REQUIRED WORK
Down to the last line, print the data that follows exactly, without its pictures.

━━━━━ DATA EXTRACTS ━━━━━

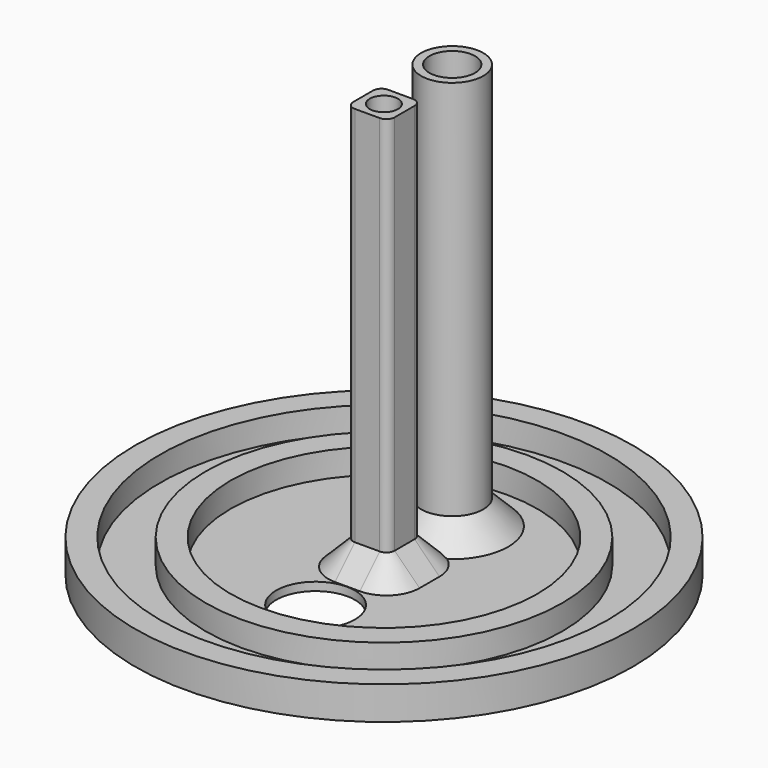
from build123d import *

# Parameters (mm, degrees)
F0_R         = 30
F0_R_2       = 27
F0_R_3       = 21.5
F0_R_4       = 18.5
F0_R_5       = 4.75
F0_W         = 5
F0_H         = 5
F0_R_6       = 3.75
F0_R_7       = 1.7
F1_DEPTH     = 1
F2_DEPTH     = 4
F0_R_8       = 2.75
F3_DEPTH     = 50
F4_R         = 1
F5_T1_DEPTH  = 3
F5_T3_DEPTH  = 3
F5_T6_ANGLE  = 90
F5_T10_ANGLE = 90
F5_T12_ANGLE = 90
F5_T14_ANGLE = 90


# Not quite as in the source:
# - a fillet or chamfer that OpenCascade refuses, or shapes differently, is made with other operations: its cross-section is extruded or revolved along the edge and cut away or added


with BuildPart() as f1:
    # F0 (on Top) → F1 (new body)
    with BuildSketch(Plane.XY):
        Circle(F0_R)
        Circle(F0_R_2, mode=Mode.SUBTRACT)
        Circle(F0_R_2)
        Circle(F0_R_3, mode=Mode.SUBTRACT)
        Circle(F0_R_3)
        Circle(F0_R_4, mode=Mode.SUBTRACT)
        Circle(F0_R_4)
        with Locations((0, -10.3181230716)):
            Circle(F0_R_5, mode=Mode.SUBTRACT)
        with Locations((0, -0.0181230716)):
            Rectangle(F0_W, F0_H, mode=Mode.SUBTRACT)
        with Locations((0, 10.2818769284)):
            Circle(F0_R_6, mode=Mode.SUBTRACT)
        with Locations((0, -0.0181230716)):
            Rectangle(F0_W, F0_H)
        with Locations((0, -0.0181230716)):
            Circle(F0_R_7, mode=Mode.SUBTRACT)
    extrude(amount=F1_DEPTH)

    # F0 (on Top) → F2 (join)
    with BuildSketch(Plane.XY):
        Circle(F0_R)
        Circle(F0_R_2, mode=Mode.SUBTRACT)
        Circle(F0_R_3)
        Circle(F0_R_4, mode=Mode.SUBTRACT)
    extrude(amount=F2_DEPTH)

    # F0 (on Top) → F3 (join)
    with BuildSketch(Plane.XY):
        with Locations((0, -0.0181230716)):
            Rectangle(F0_W, F0_H)
        with Locations((0, -0.0181230716)):
            Circle(F0_R_7, mode=Mode.SUBTRACT)
        with Locations((0, 10.2818769284)):
            Circle(F0_R_6)
        with Locations((0, 10.2818769284)):
            Circle(F0_R_8, mode=Mode.SUBTRACT)
    extrude(amount=F3_DEPTH)

    # F4
    f4_edges = [f1.edges().sort_by_distance(p)[0] for p in [
        (-2.5, -2.518123, 25.5),
        (2.5, -2.518123, 25.5),
        (-2.5, 2.481877, 25.5),
        (2.5, 2.481877, 25.5),
    ]]
    fillet(f4_edges, radius=F4_R)

    # F5: chamfer of 3 on 3 edges, made by hand

    # F5_s2 → F5_t1 (join)
    with BuildSketch(Plane.YZ.offset(-1.5)):
        Polygon((-5.5181230716, 1), (-2.5181230716, 4), (-2.5181230716, 1), align=None)
        Polygon((5.4818769284, 1), (2.4818769284, 4), (2.4818769284, 1), align=None)
    extrude(amount=F5_T1_DEPTH)

    # F5_s4 → F5_t3 (join)
    with BuildSketch(Plane.XZ.offset(-1.4818769284)):
        Polygon((-5.5, 1), (-2.5, 4), (-2.5, 1), align=None)
        Polygon((5.5, 1), (2.5, 4), (2.5, 1), align=None)
    extrude(amount=F5_T3_DEPTH)

    # F5_s5 → F5_t6 (revolve)
    with BuildSketch(Plane.YZ.offset(-1.5)):
        Polygon((-5.5181230716, 1), (-2.5181230716, 4), (-2.5181230716, 1), align=None)
    revolve(axis=Axis((-1.5, -1.5181230716, 1), (0, 0, -1)), revolution_arc=F5_T6_ANGLE)

    # F5_s7 → F5_t8 (revolve)
    with BuildSketch(Plane.XZ.offset(-10.2818769284)):
        Polygon((6.75, 1), (3.75, 4), (3.75, 1), align=None)
    revolve(axis=Axis((0, 10.2818769284, 1), (0, 0, 1)))

    # F5_s9 → F5_t10 (revolve)
    with BuildSketch(Plane.XZ.offset(-1.4818769284)):
        Polygon((-5.5, 1), (-2.5, 4), (-2.5, 1), align=None)
    revolve(axis=Axis((-1.5, 1.4818769284, 1), (0, 0, -1)), revolution_arc=F5_T10_ANGLE)

    # F5_s11 → F5_t12 (revolve)
    with BuildSketch(Plane.YZ.offset(1.5)):
        Polygon((5.4818769284, 1), (2.4818769284, 4), (2.4818769284, 1), align=None)
    revolve(axis=Axis((1.5, 1.4818769284, 1), (0, 0, -1)), revolution_arc=F5_T12_ANGLE)

    # F5_s13 → F5_t14 (revolve)
    with BuildSketch(Plane.YZ.offset(1.5)):
        Polygon((-5.5181230716, 1), (-2.5181230716, 4), (-2.5181230716, 1), align=None)
    revolve(axis=Axis((1.5, -1.5181230716, 1), (0, 0, 1)), revolution_arc=F5_T14_ANGLE)


solid = f1.part

━━━━━

ANSWER SECTION
from build123d import *

# Parameters (mm, degrees)
F0_R         = 30
F0_R_2       = 27
F0_R_3       = 21.5
F0_R_4       = 18.5
F0_R_5       = 4.75
F0_W         = 5
F0_H         = 5
F0_R_6       = 3.75
F0_R_7       = 1.7
F1_DEPTH     = 1
F2_DEPTH     = 4
F0_R_8       = 2.75
F3_DEPTH     = 50
F4_R         = 1
F5_T1_DEPTH  = 3
F5_T3_DEPTH  = 3
F5_T6_ANGLE  = 90
F5_T10_ANGLE = 90
F5_T12_ANGLE = 90
F5_T14_ANGLE = 90


# Not quite as in the source:
# - a fillet or chamfer that OpenCascade refuses, or shapes differently, is made with other operations: its cross-section is extruded or revolved along the edge and cut away or added


with BuildPart() as f1:
    # F0 (on Top) → F1 (new body)
    with BuildSketch(Plane.XY):
        Circle(F0_R)
        Circle(F0_R_2, mode=Mode.SUBTRACT)
        Circle(F0_R_2)
        Circle(F0_R_3, mode=Mode.SUBTRACT)
        Circle(F0_R_3)
        Circle(F0_R_4, mode=Mode.SUBTRACT)
        Circle(F0_R_4)
        with Locations((0, -10.3181230716)):
            Circle(F0_R_5, mode=Mode.SUBTRACT)
        with Locations((0, -0.0181230716)):
            Rectangle(F0_W, F0_H, mode=Mode.SUBTRACT)
        with Locations((0, 10.2818769284)):
            Circle(F0_R_6, mode=Mode.SUBTRACT)
        with Locations((0, -0.0181230716)):
            Rectangle(F0_W, F0_H)
        with Locations((0, -0.0181230716)):
            Circle(F0_R_7, mode=Mode.SUBTRACT)
    extrude(amount=F1_DEPTH)

    # F0 (on Top) → F2 (join)
    with BuildSketch(Plane.XY):
        Circle(F0_R)
        Circle(F0_R_2, mode=Mode.SUBTRACT)
        Circle(F0_R_3)
        Circle(F0_R_4, mode=Mode.SUBTRACT)
    extrude(amount=F2_DEPTH)

    # F0 (on Top) → F3 (join)
    with BuildSketch(Plane.XY):
        with Locations((0, -0.0181230716)):
            Rectangle(F0_W, F0_H)
        with Locations((0, -0.0181230716)):
            Circle(F0_R_7, mode=Mode.SUBTRACT)
        with Locations((0, 10.2818769284)):
            Circle(F0_R_6)
        with Locations((0, 10.2818769284)):
            Circle(F0_R_8, mode=Mode.SUBTRACT)
    extrude(amount=F3_DEPTH)

    # F4
    f4_edges = [f1.edges().sort_by_distance(p)[0] for p in [
        (-2.5, -2.518123, 25.5),
        (2.5, -2.518123, 25.5),
        (-2.5, 2.481877, 25.5),
        (2.5, 2.481877, 25.5),
    ]]
    fillet(f4_edges, radius=F4_R)

    # F5: chamfer of 3 on 3 edges, made by hand

    # F5_s2 → F5_t1 (join)
    with BuildSketch(Plane.YZ.offset(-1.5)):
        Polygon((-5.5181230716, 1), (-2.5181230716, 4), (-2.5181230716, 1), align=None)
        Polygon((5.4818769284, 1), (2.4818769284, 4), (2.4818769284, 1), align=None)
    extrude(amount=F5_T1_DEPTH)

    # F5_s4 → F5_t3 (join)
    with BuildSketch(Plane.XZ.offset(-1.4818769284)):
        Polygon((-5.5, 1), (-2.5, 4), (-2.5, 1), align=None)
        Polygon((5.5, 1), (2.5, 4), (2.5, 1), align=None)
    extrude(amount=F5_T3_DEPTH)

    # F5_s5 → F5_t6 (revolve)
    with BuildSketch(Plane.YZ.offset(-1.5)):
        Polygon((-5.5181230716, 1), (-2.5181230716, 4), (-2.5181230716, 1), align=None)
    revolve(axis=Axis((-1.5, -1.5181230716, 1), (0, 0, -1)), revolution_arc=F5_T6_ANGLE)

    # F5_s7 → F5_t8 (revolve)
    with BuildSketch(Plane.XZ.offset(-10.2818769284)):
        Polygon((6.75, 1), (3.75, 4), (3.75, 1), align=None)
    revolve(axis=Axis((0, 10.2818769284, 1), (0, 0, 1)))

    # F5_s9 → F5_t10 (revolve)
    with BuildSketch(Plane.XZ.offset(-1.4818769284)):
        Polygon((-5.5, 1), (-2.5, 4), (-2.5, 1), align=None)
    revolve(axis=Axis((-1.5, 1.4818769284, 1), (0, 0, -1)), revolution_arc=F5_T10_ANGLE)

    # F5_s11 → F5_t12 (revolve)
    with BuildSketch(Plane.YZ.offset(1.5)):
        Polygon((5.4818769284, 1), (2.4818769284, 4), (2.4818769284, 1), align=None)
    revolve(axis=Axis((1.5, 1.4818769284, 1), (0, 0, -1)), revolution_arc=F5_T12_ANGLE)

    # F5_s13 → F5_t14 (revolve)
    with BuildSketch(Plane.YZ.offset(1.5)):
        Polygon((-5.5181230716, 1), (-2.5181230716, 4), (-2.5181230716, 1), align=None)
    revolve(axis=Axis((1.5, -1.5181230716, 1), (0, 0, 1)), revolution_arc=F5_T14_ANGLE)


solid = f1.part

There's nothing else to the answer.